Leider behält Java die Zeilen die ich schon betrachtet habe immer noch im Speicher und nicht nur die aktuelle Zeile.
Ich rede NUR über den Zeitraum der verarbeitung des Resultsets also während ich das RS lese. Danach räumt der gc natürlich auf und gibt den Speicher wieder frei.

PRoblematisch ist es nur da bei mir das RS ca 800MB bis einige Gigs umfassen kann.

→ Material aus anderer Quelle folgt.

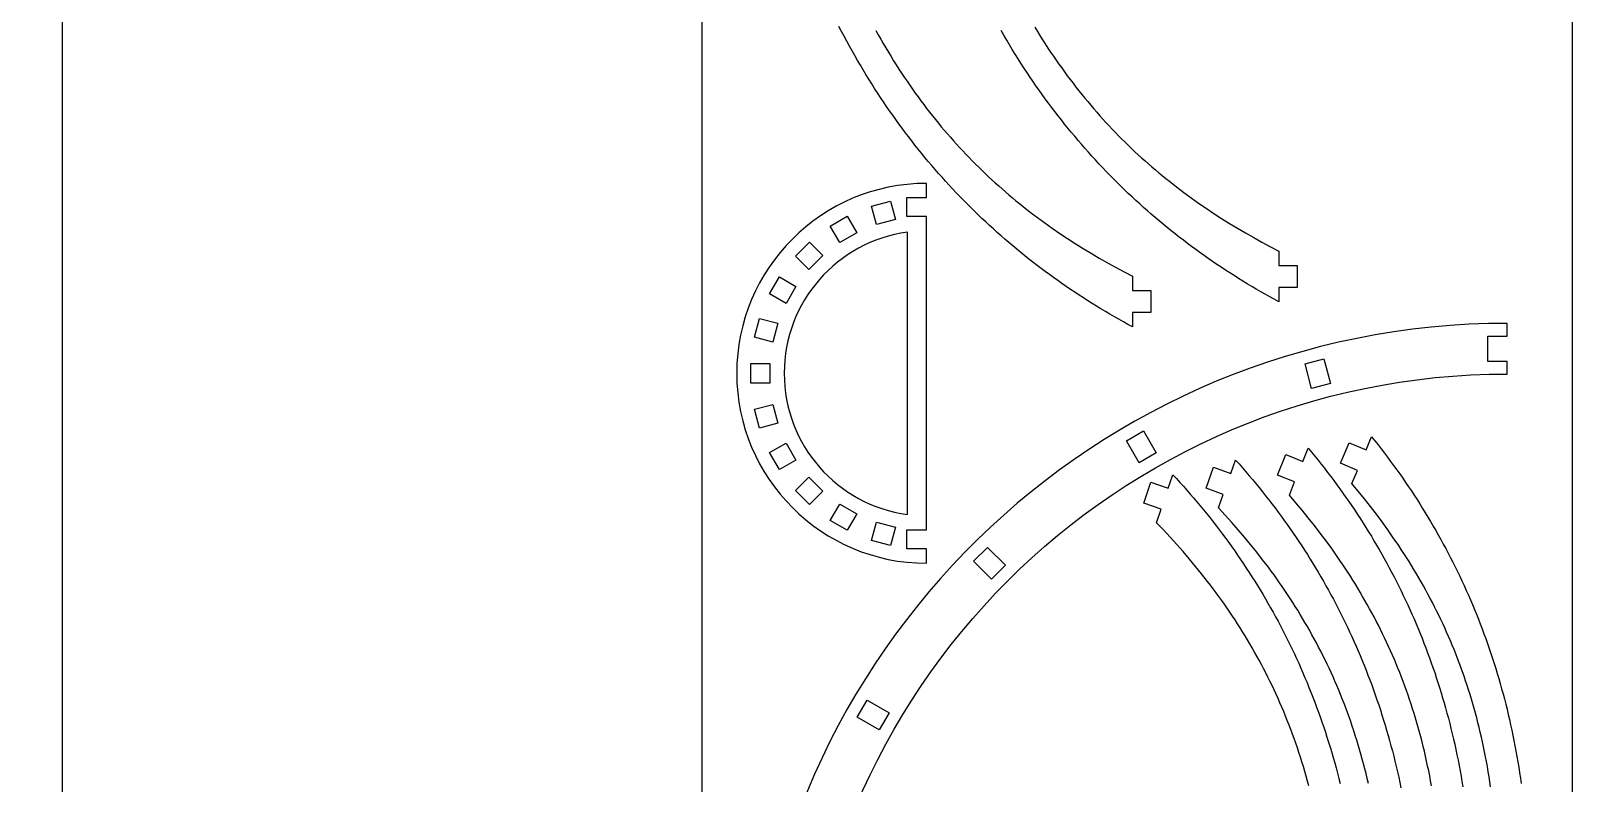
# Model space of a CAD drawing. Header units: metres. Extents: x -269 to 2726, y -36 to 1548.
# Drawn here: x 718.5 to 1205.8, y 796.8 to 1034.5 of the extents above; entities that cross this region are included whole.
import ezdxf

# ---------------------------------------------------------------- set-up
doc = ezdxf.new("R2010")
doc.units = ezdxf.units.M
doc.layers.add('Page1', color=7, linetype='CONTINUOUS')

msp = doc.modelspace()

# ---------------------------------------------------------------- linework, layer by layer
at = {"layer": 'Page1'}
for points in [[(258.406388, 1547.552513), (728.406388, 1547.552513), (728.406388, 22.552513), (258.406388, 22.552513), (258.406388, 1547.552513)], [(930.808216, 1488.872148), (1205.808216, 1488.872148), (1205.808216, -36.127852), (930.808216, -36.127852), (930.808216, 1488.872148)], [(1066.810303, 956.999451), (1066.810303, 952.499451), (1072.610352, 952.499451), (1072.610352, 945.499451), (1066.810303, 945.499451), (1066.810303, 940.999451), (1066.810303, 940.999451), (1065.366699, 941.779724), (1063.929688, 942.569763), (1062.49939, 943.369568), (1061.075562, 944.179199), (1059.658569, 944.998535), (1058.248169, 945.827698), (1056.844604, 946.666626), (1055.447754, 947.51532), (1054.057739, 948.37384), (1052.674561, 949.242126), (1051.298218, 950.120178), (1049.928833, 951.007996), (1048.566406, 951.905579), (1047.210938, 952.812988), (1045.862549, 953.730164), (1044.521118, 954.657104), (1043.186768, 955.593872), (1041.859497, 956.540405), (1040.539429, 957.496704), (1039.226563, 958.462769), (1037.920898, 959.43866), (1036.622437, 960.424377), (1035.331177, 961.4198), (1034.047363, 962.425049), (1032.770752, 963.440063), (1031.501709, 964.464905), (1030.239868, 965.499512), (1028.985596, 966.543884), (1027.73877, 967.598083), (1026.49939, 968.662048), (1025.2677, 969.735779), (1024.043457, 970.819336), (1022.826843, 971.91272), (1021.617859, 973.015869), (1020.416565, 974.128784), (1019.222961, 975.251465), (1018.037109, 976.384033), (1016.859009, 977.526306), (1015.688721, 978.678406), (1014.526306, 979.840332), (1013.371704, 981.012024), (1012.225037, 982.193481), (1011.086304, 983.384766), (1009.955566, 984.585876), (1008.832825, 985.796753), (1007.718079, 987.017395), (1006.61145, 988.247864), (1005.512878, 989.488159), (1004.422485, 990.73822), (1003.34021, 991.998108), (1002.266174, 993.267761), (1001.200378, 994.547241), (1000.142822, 995.836487), (999.093567, 997.135559), (998.052673, 998.444458), (997.020142, 999.763123), (995.996033, 1001.091614), (994.980286, 1002.429871), (993.973022, 1003.777954), (992.974304, 1005.135864), (991.98407, 1006.50354), (991.002441, 1007.881042), (990.029419, 1009.268372), (989.065002, 1010.665466), (988.109253, 1012.072388), (987.16217, 1013.489136), (986.223877, 1014.915649), (985.294312, 1016.35199), (984.373535, 1017.798157), (983.461609, 1019.254089), (982.558533, 1020.71991), (981.664368, 1022.195496), (980.779175, 1023.680847), (979.902893, 1025.176025), (979.035583, 1026.68103), (978.177307, 1028.195923), (977.328125, 1029.720581), (976.488037, 1031.255005), (975.657043, 1032.799194), (974.835266, 1034.353271), (974.022644, 1035.917236)], [(985.645508, 1034.654541), (986.434753, 1033.248169), (987.230347, 1031.854492), (988.032227, 1030.473511), (988.840393, 1029.10498), (989.654907, 1027.749023), (990.47583, 1026.405396), (991.303223, 1025.074097), (992.136963, 1023.754883), (992.977234, 1022.447815), (993.823975, 1021.152771), (994.677246, 1019.869629), (995.537048, 1018.598328), (996.403442, 1017.338745), (997.276428, 1016.09082), (998.156067, 1014.854431), (999.042358, 1013.629517), (999.935303, 1012.415955), (1000.835022, 1011.213745), (1001.741455, 1010.022644), (1002.654663, 1008.842712), (1003.574707, 1007.673767), (1004.501526, 1006.515747), (1005.435242, 1005.36853), (1006.375793, 1004.232056), (1007.323303, 1003.106262), (1008.277771, 1001.991028), (1009.239197, 1000.886292), (1010.207581, 999.79187), (1011.182983, 998.707764), (1012.165466, 997.63385), (1013.155029, 996.570068), (1014.151733, 995.516296), (1015.155518, 994.472473), (1016.166504, 993.438416), (1017.184631, 992.414185), (1018.210022, 991.399536), (1019.242676, 990.394531), (1020.282532, 989.398926), (1021.329773, 988.412781), (1022.384277, 987.435913), (1023.446167, 986.468201), (1024.515503, 985.509644), (1025.592163, 984.56012), (1026.67627, 983.619507), (1027.767944, 982.687744), (1028.867065, 981.764709), (1029.973633, 980.850342), (1031.087891, 979.94458), (1032.209595, 979.047302), (1034.475952, 977.277771), (1036.773071, 975.541077), (1039.100952, 973.836548), (1041.459961, 972.163391), (1043.850342, 970.520935), (1046.272339, 968.908386), (1048.725952, 967.325073), (1051.21167, 965.770264), (1053.729614, 964.243225), (1056.280029, 962.743225), (1058.863037, 961.269592), (1061.478882, 959.821594), (1064.12793, 958.398438), (1066.810303, 956.999451)], [(1035.919067, 1035.675415), (1036.73999, 1034.331787), (1037.567383, 1033.000488), (1038.401123, 1031.681274), (1039.241333, 1030.374268), (1040.088135, 1029.079224), (1040.941406, 1027.796021), (1041.801147, 1026.52478), (1042.667603, 1025.265137), (1043.540527, 1024.017212), (1044.420166, 1022.780884), (1045.306519, 1021.555969), (1046.199463, 1020.342407), (1047.099121, 1019.140137), (1048.005615, 1017.949097), (1048.918823, 1016.769104), (1049.838867, 1015.600159), (1050.765747, 1014.442139), (1051.699463, 1013.294983), (1052.640015, 1012.158508), (1053.587524, 1011.032715), (1054.541992, 1009.91748), (1055.503296, 1008.812683), (1056.471802, 1007.718323), (1057.447144, 1006.634216), (1058.429688, 1005.560303), (1059.419189, 1004.496521), (1060.415894, 1003.442749), (1061.419678, 1002.398865), (1062.430664, 1001.364868), (1063.448853, 1000.340576), (1064.474243, 999.325989), (1065.506836, 998.320923), (1066.546753, 997.325378), (1067.593994, 996.339172), (1068.648438, 995.362305), (1069.710327, 994.394653), (1070.779663, 993.436096), (1071.856323, 992.486511), (1072.94043, 991.545898), (1074.032104, 990.614136), (1075.131226, 989.691162), (1076.237793, 988.776794), (1077.352051, 987.871033), (1078.473755, 986.973694), (1080.740112, 985.204224), (1083.037231, 983.467529), (1085.365112, 981.763), (1087.724121, 980.089844), (1090.114502, 978.447327), (1092.536499, 976.834778), (1094.990112, 975.251465), (1097.47583, 973.696655), (1099.993774, 972.169678), (1102.544189, 970.669678), (1105.127197, 969.196045), (1107.743042, 967.748047), (1110.39209, 966.32489), (1113.074463, 964.925903), (1113.074463, 964.925903), (1113.074463, 960.425903), (1118.874512, 960.425903), (1118.874512, 953.425903), (1113.074463, 953.425903), (1113.074463, 948.925903), (1113.074463, 948.925903), (1111.630859, 949.706177), (1110.193848, 950.496216), (1108.76355, 951.296021), (1107.339722, 952.105591), (1105.922729, 952.924988), (1104.512329, 953.75415), (1103.108765, 954.593079), (1101.711914, 955.441772), (1100.321899, 956.300293), (1098.938721, 957.168518), (1097.562378, 958.04657), (1096.192993, 958.934387), (1094.830566, 959.832031), (1093.475098, 960.739441), (1092.126709, 961.656616), (1090.785278, 962.583557), (1089.450928, 963.520264), (1088.123657, 964.466797), (1086.803589, 965.423157), (1085.490723, 966.389221), (1084.185059, 967.365112), (1082.886597, 968.350769), (1081.595337, 969.346252), (1080.311523, 970.351501), (1079.035034, 971.366516), (1077.765869, 972.391296), (1076.504028, 973.425903), (1075.249756, 974.470337), (1074.00293, 975.524475), (1072.76355, 976.588501), (1071.53186, 977.662231), (1070.307617, 978.745789), (1069.090942, 979.839111), (1067.881958, 980.942261), (1066.680664, 982.055176), (1065.487183, 983.177917), (1064.30127, 984.310425), (1063.123169, 985.452759), (1061.952881, 986.604858), (1060.790527, 987.766724), (1059.635864, 988.938416), (1058.489258, 990.119934), (1057.350464, 991.311218), (1056.219727, 992.512268), (1055.096924, 993.723145), (1053.9823, 994.943848), (1052.87561, 996.174316), (1051.7771, 997.414612), (1050.686646, 998.664673), (1049.60437, 999.9245), (1048.530396, 1001.194214), (1047.4646, 1002.473694), (1046.406982, 1003.762939), (1045.357788, 1005.062012), (1044.316895, 1006.370911), (1043.284302, 1007.689575), (1042.260132, 1009.018066), (1041.244507, 1010.356323), (1040.237183, 1011.704407), (1039.238525, 1013.062317), (1038.248291, 1014.429993), (1037.266602, 1015.807495), (1036.293579, 1017.194824), (1035.329102, 1018.591919), (1034.373413, 1019.99884), (1033.426392, 1021.415588), (1032.488037, 1022.842102), (1031.558472, 1024.278442), (1030.637695, 1025.724609), (1029.72583, 1027.180542), (1028.822754, 1028.646362), (1027.928589, 1030.121948), (1027.043335, 1031.6073), (1026.166992, 1033.102539), (1025.299805, 1034.607544)], [(990.330933, 980.727966), (991.88385, 974.932434), (985.895142, 973.327759), (984.342224, 979.123291), (990.330933, 980.727966)], [(976.635681, 975.931152), (979.635681, 970.734985), (974.266357, 967.63501), (971.266357, 972.831116), (976.635681, 975.931152)], [(964.648621, 967.753174), (968.891296, 963.510559), (964.507202, 959.126465), (960.264587, 963.36908), (964.648621, 967.753174)], [(955.186646, 956.751404), (960.382813, 953.751404), (957.282776, 948.382019), (952.08667, 951.382019), (955.186646, 956.751404)], [(948.894531, 943.675537), (954.690063, 942.12262), (953.085388, 936.13385), (947.289856, 937.686768), (948.894531, 943.675537)], [(1127.350586, 930.872375), (1129.421143, 923.144958), (1123.432373, 921.540283), (1121.361938, 929.2677), (1127.350586, 930.872375)], [(946.201111, 929.416687), (952.201111, 929.416687), (952.201111, 923.216675), (946.201111, 923.216675), (946.201111, 929.416687)], [(947.289917, 914.946594), (953.085449, 916.499512), (954.690125, 910.510742), (948.894592, 908.957886), (947.289917, 914.946594)], [(1070.242798, 908.093445), (1074.242798, 901.165222), (1068.873413, 898.065247), (1064.873413, 904.993469), (1070.242798, 908.093445)], [(952.086731, 901.251343), (957.282898, 904.251343), (960.382874, 898.882019), (955.186707, 895.882019), (952.086731, 901.251343)], [(1161.349365, 795.923889), (1161.059204, 797.516541), (1160.757813, 799.099731), (1160.44519, 800.673462), (1160.121216, 802.237976), (1159.786133, 803.793213), (1159.439819, 805.339417), (1159.082153, 806.876648), (1158.713379, 808.404907), (1158.333496, 809.9245), (1157.942261, 811.435364), (1157.539917, 812.937622), (1157.126465, 814.431519), (1156.701782, 815.916992), (1156.265869, 817.394226), (1155.818848, 818.863281), (1155.360718, 820.324341), (1154.891479, 821.777405), (1154.411133, 823.222717), (1153.919556, 824.660217), (1153.416992, 826.090149), (1152.90332, 827.512512), (1152.37854, 828.92749), (1151.842651, 830.335144), (1151.295776, 831.735596), (1150.737671, 833.128967), (1150.168701, 834.51532), (1149.588623, 835.894836), (1148.997437, 837.267517), (1148.395264, 838.633484), (1147.782104, 839.99292), (1147.157837, 841.345886), (1146.522705, 842.692444), (1145.876465, 844.032776), (1145.219238, 845.366943), (1144.551147, 846.695007), (1143.87207, 848.017212), (1143.181885, 849.333496), (1142.480835, 850.644043), (1141.768921, 851.948975), (1141.046021, 853.248413), (1140.312134, 854.542358), (1139.567383, 855.831055), (1138.811768, 857.114441), (1138.045166, 858.392822), (1137.2677, 859.666138), (1136.47937, 860.934509), (1135.680054, 862.198181), (1134.869995, 863.457092), (1134.049072, 864.711426), (1133.217285, 865.961243), (1132.374634, 867.206726), (1131.521118, 868.447937), (1129.781738, 870.917969), (1127.999146, 873.37207), (1126.17334, 875.811218), (1124.304443, 878.236206), (1122.392578, 880.647888), (1120.437744, 883.047058), (1118.439941, 885.43457), (1116.399414, 887.811279), (1116.399414, 887.811279), (1118.07019, 891.989563), (1112.684814, 894.143066), (1115.283936, 900.6427), (1120.669312, 898.489197), (1122.340088, 902.667542), (1122.340088, 902.667542), (1123.390747, 901.407043), (1124.431763, 900.139954), (1125.462891, 898.866211), (1126.484253, 897.585876), (1127.49585, 896.298889), (1128.497559, 895.005371), (1129.489258, 893.705261), (1130.471191, 892.398621), (1131.443115, 891.085388), (1132.405029, 889.765625), (1133.356934, 888.439331), (1134.298706, 887.106506), (1135.230591, 885.767212), (1136.152222, 884.421387), (1137.063721, 883.069153), (1137.965088, 881.710388), (1138.856201, 880.345154), (1139.737183, 878.973511), (1140.607788, 877.595459), (1141.46814, 876.210938), (1142.318115, 874.820007), (1143.157837, 873.422729), (1143.987061, 872.018982), (1144.805908, 870.608948), (1145.61438, 869.192505), (1146.412354, 867.769714), (1147.199707, 866.340576), (1147.976563, 864.905151), (1148.74292, 863.463379), (1149.498535, 862.01532), (1150.243652, 860.560974), (1150.978027, 859.100281), (1151.70166, 857.633423), (1152.414673, 856.160217), (1153.116943, 854.680847), (1153.80835, 853.19519), (1154.488892, 851.703369), (1155.158691, 850.205261), (1155.817505, 848.70105), (1156.465454, 847.190552), (1157.102417, 845.67395), (1157.728516, 844.151184), (1158.343506, 842.622253), (1158.94751, 841.087219), (1159.540405, 839.546021), (1160.122192, 837.998718), (1160.692871, 836.445313), (1161.252441, 834.885803), (1161.800659, 833.320251), (1162.337769, 831.748596), (1162.863647, 830.170898), (1163.378296, 828.587158), (1163.88147, 826.997375), (1164.373413, 825.401611), (1164.853882, 823.799805), (1165.322998, 822.192017), (1165.780762, 820.578247), (1166.226929, 818.958496), (1166.661621, 817.332825), (1167.084839, 815.701172), (1167.49646, 814.063599), (1167.896484, 812.420105), (1168.28479, 810.770691), (1168.661621, 809.115356), (1169.026611, 807.454163), (1169.380005, 805.787048), (1169.721558, 804.114075), (1170.051392, 802.435303), (1170.369385, 800.750671), (1170.675537, 799.060181), (1170.969849, 797.363892), (1171.252197, 795.661804)], [(1180.014038, 795.626709), (1179.774658, 797.243164), (1179.523804, 798.850098), (1179.261475, 800.447571), (1178.987793, 802.035767), (1178.702637, 803.614807), (1178.406006, 805.184692), (1178.098145, 806.745544), (1177.778809, 808.297546), (1177.44812, 809.840759), (1177.106079, 811.375244), (1176.752686, 812.901184), (1176.387939, 814.418701), (1176.011841, 815.927795), (1175.624512, 817.428589), (1175.22583, 818.921265), (1174.815796, 820.405884), (1174.394531, 821.882568), (1173.961914, 823.351379), (1173.518066, 824.812439), (1173.062988, 826.265869), (1172.59668, 827.711731), (1172.119141, 829.150208), (1171.630371, 830.58136), (1171.130371, 832.005249), (1170.619141, 833.422058), (1170.09668, 834.831848), (1169.56311, 836.234741), (1169.018311, 837.630798), (1168.462402, 839.020203), (1167.895264, 840.403015), (1167.317017, 841.779297), (1166.727661, 843.149231), (1166.127197, 844.512878), (1165.515625, 845.8703), (1164.892822, 847.22168), (1164.259033, 848.567139), (1163.614258, 849.906677), (1162.958252, 851.240479), (1162.29126, 852.568665), (1161.613159, 853.891235), (1160.924072, 855.208435), (1160.223999, 856.520264), (1159.512817, 857.826843), (1158.790649, 859.128296), (1158.057495, 860.424744), (1157.313354, 861.716248), (1156.558228, 863.00293), (1155.792114, 864.284912), (1155.015137, 865.562256), (1154.227051, 866.835144), (1153.428223, 868.103638), (1152.618286, 869.367798), (1151.797485, 870.627808), (1150.96582, 871.883728), (1149.269897, 874.383667), (1147.530273, 876.868591), (1145.747437, 879.339233), (1143.921143, 881.796448), (1142.051636, 884.241089), (1140.138916, 886.674011), (1138.183105, 889.096008), (1136.184326, 891.507996), (1136.184326, 891.507996), (1137.927856, 895.656494), (1132.580811, 897.903625), (1135.292969, 904.356934), (1140.639893, 902.109741), (1142.383423, 906.258301), (1142.383423, 906.258301), (1143.411987, 904.979675), (1144.430664, 903.69458), (1145.439453, 902.403076), (1146.438232, 901.105103), (1147.427246, 899.800659), (1148.406128, 898.489868), (1149.375122, 897.172668), (1150.333984, 895.84906), (1151.282837, 894.519043), (1152.221558, 893.182678), (1153.150269, 891.840027), (1154.068604, 890.490967), (1154.976929, 889.13562), (1155.875, 887.773926), (1156.762695, 886.405945), (1157.640259, 885.031677), (1158.507446, 883.651123), (1159.364258, 882.264282), (1160.210693, 880.871216), (1161.046753, 879.471924), (1161.872437, 878.066345), (1162.687622, 876.654602), (1163.492188, 875.236633), (1164.286377, 873.8125), (1165.069946, 872.382202), (1165.842896, 870.945679), (1166.605225, 869.503052), (1167.356934, 868.05426), (1168.0979, 866.599304), (1168.828247, 865.138306), (1169.547852, 863.671143), (1170.256592, 862.197937), (1170.95459, 860.718628), (1171.641724, 859.233215), (1172.317993, 857.741821), (1172.983398, 856.244324), (1173.637817, 854.740784), (1174.281372, 853.231262), (1174.913818, 851.715759), (1175.535278, 850.194214), (1176.145752, 848.666748), (1176.745117, 847.13324), (1177.333374, 845.593811), (1177.910522, 844.048462), (1178.47644, 842.497131), (1179.031128, 840.939941), (1179.574585, 839.376831), (1180.106812, 837.8078), (1180.627686, 836.23291), (1181.137329, 834.6521), (1181.63562, 833.065491), (1182.122437, 831.473022), (1182.5979, 829.874695), (1183.061768, 828.270569), (1183.514282, 826.660645), (1183.955322, 825.044922), (1184.384766, 823.423401), (1184.802612, 821.796143), (1185.208862, 820.163086), (1185.603516, 818.524292), (1185.98645, 816.879761), (1186.357788, 815.229553), (1186.717285, 813.573608), (1187.065063, 811.911926), (1187.401123, 810.244629), (1187.725342, 808.571655), (1188.037598, 806.892944), (1188.338135, 805.208679), (1188.626709, 803.518738), (1188.90332, 801.823181), (1189.167969, 800.122009), (1189.420532, 798.415222), (1189.661133, 796.702881)], [(1141.409424, 796.730896), (1141.042114, 798.292786), (1140.663818, 799.845032), (1140.274536, 801.387634), (1139.874512, 802.920776), (1139.463501, 804.44458), (1139.041626, 805.959106), (1138.608765, 807.464478), (1138.165161, 808.960754), (1137.710571, 810.44812), (1137.245239, 811.926575), (1136.768921, 813.396362), (1136.281738, 814.857483), (1135.783813, 816.310059), (1135.274902, 817.754211), (1134.755249, 819.190063), (1134.224731, 820.617676), (1133.68335, 822.03717), (1133.131226, 823.448669), (1132.568115, 824.852295), (1131.994263, 826.248108), (1131.409668, 827.636169), (1130.814209, 829.016724), (1130.207886, 830.389709), (1129.59082, 831.755371), (1128.962891, 833.11377), (1128.324219, 834.464966), (1127.674683, 835.809143), (1127.014526, 837.146362), (1126.343384, 838.476685), (1125.661621, 839.800293), (1124.968994, 841.117249), (1124.265747, 842.427612), (1123.551636, 843.731628), (1122.826782, 845.029236), (1122.091187, 846.320679), (1121.344849, 847.605957), (1120.587646, 848.885254), (1119.819824, 850.15863), (1119.04126, 851.426208), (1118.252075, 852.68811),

Jemand einen Tip, Hinweis oder API für mich?


cu Jens


----------



## skaal (25. Feb 2006)

wie wärs nur mit häppchenwiese aus der datenbnank lesen, so nach dem schema, id 1-100, 101-201,... oder wie groß die intervalle auch sein sollten?
macht zwar mehr rechenaufwand, baer speicher sollte es generell sparen.


----------



## Ontos (26. Feb 2006)

Moin Moin 



			
				skaal hat gesagt.:
			
		

> wie wärs nur mit häppchenwiese aus der datenbnank lesen



Genauso mache ich das im Moment!

Nur VB und andere Sprachen können soetwas (Speicherschonend über ein Result Set scrollen) Warum Java nicht?

Oder etwa doch??

cu Jens


----------



## skaal (26. Feb 2006)

hmm, es gibt die methode delete im resultset, aber die löscht auch gleich aus der datenbank, was du sicher nicht willst.
ist mal ne interessante frage, warum java das (anscheinend) nicht kann.


----------



## Bleiglanz (26. Feb 2006)

Oracle kennt keine Cursor (!!), und wenn du das ResultSet scrollable und updateable machst dann wird das vom JDBC Treiber lokal auf deinem Rechner simuliert, was etwas ungünstig ist

mit einem read-only + forward-only sollte es keine Probleme geben


----------



## Guest (26. Feb 2006)

Moin Moin



			
				Bleiglanz hat gesagt.:
			
		

> Oracle kennt keine Cursor (!!), und wenn du das ResultSet scrollable und updateable machst dann wird das vom JDBC Treiber lokal auf deinem Rechner simuliert, was etwas ungünstig ist
> 
> mit einem read-only + forward-only sollte es keine Probleme geben



Danke.Mal schauen ob das funktioniert!

cu Jens


----------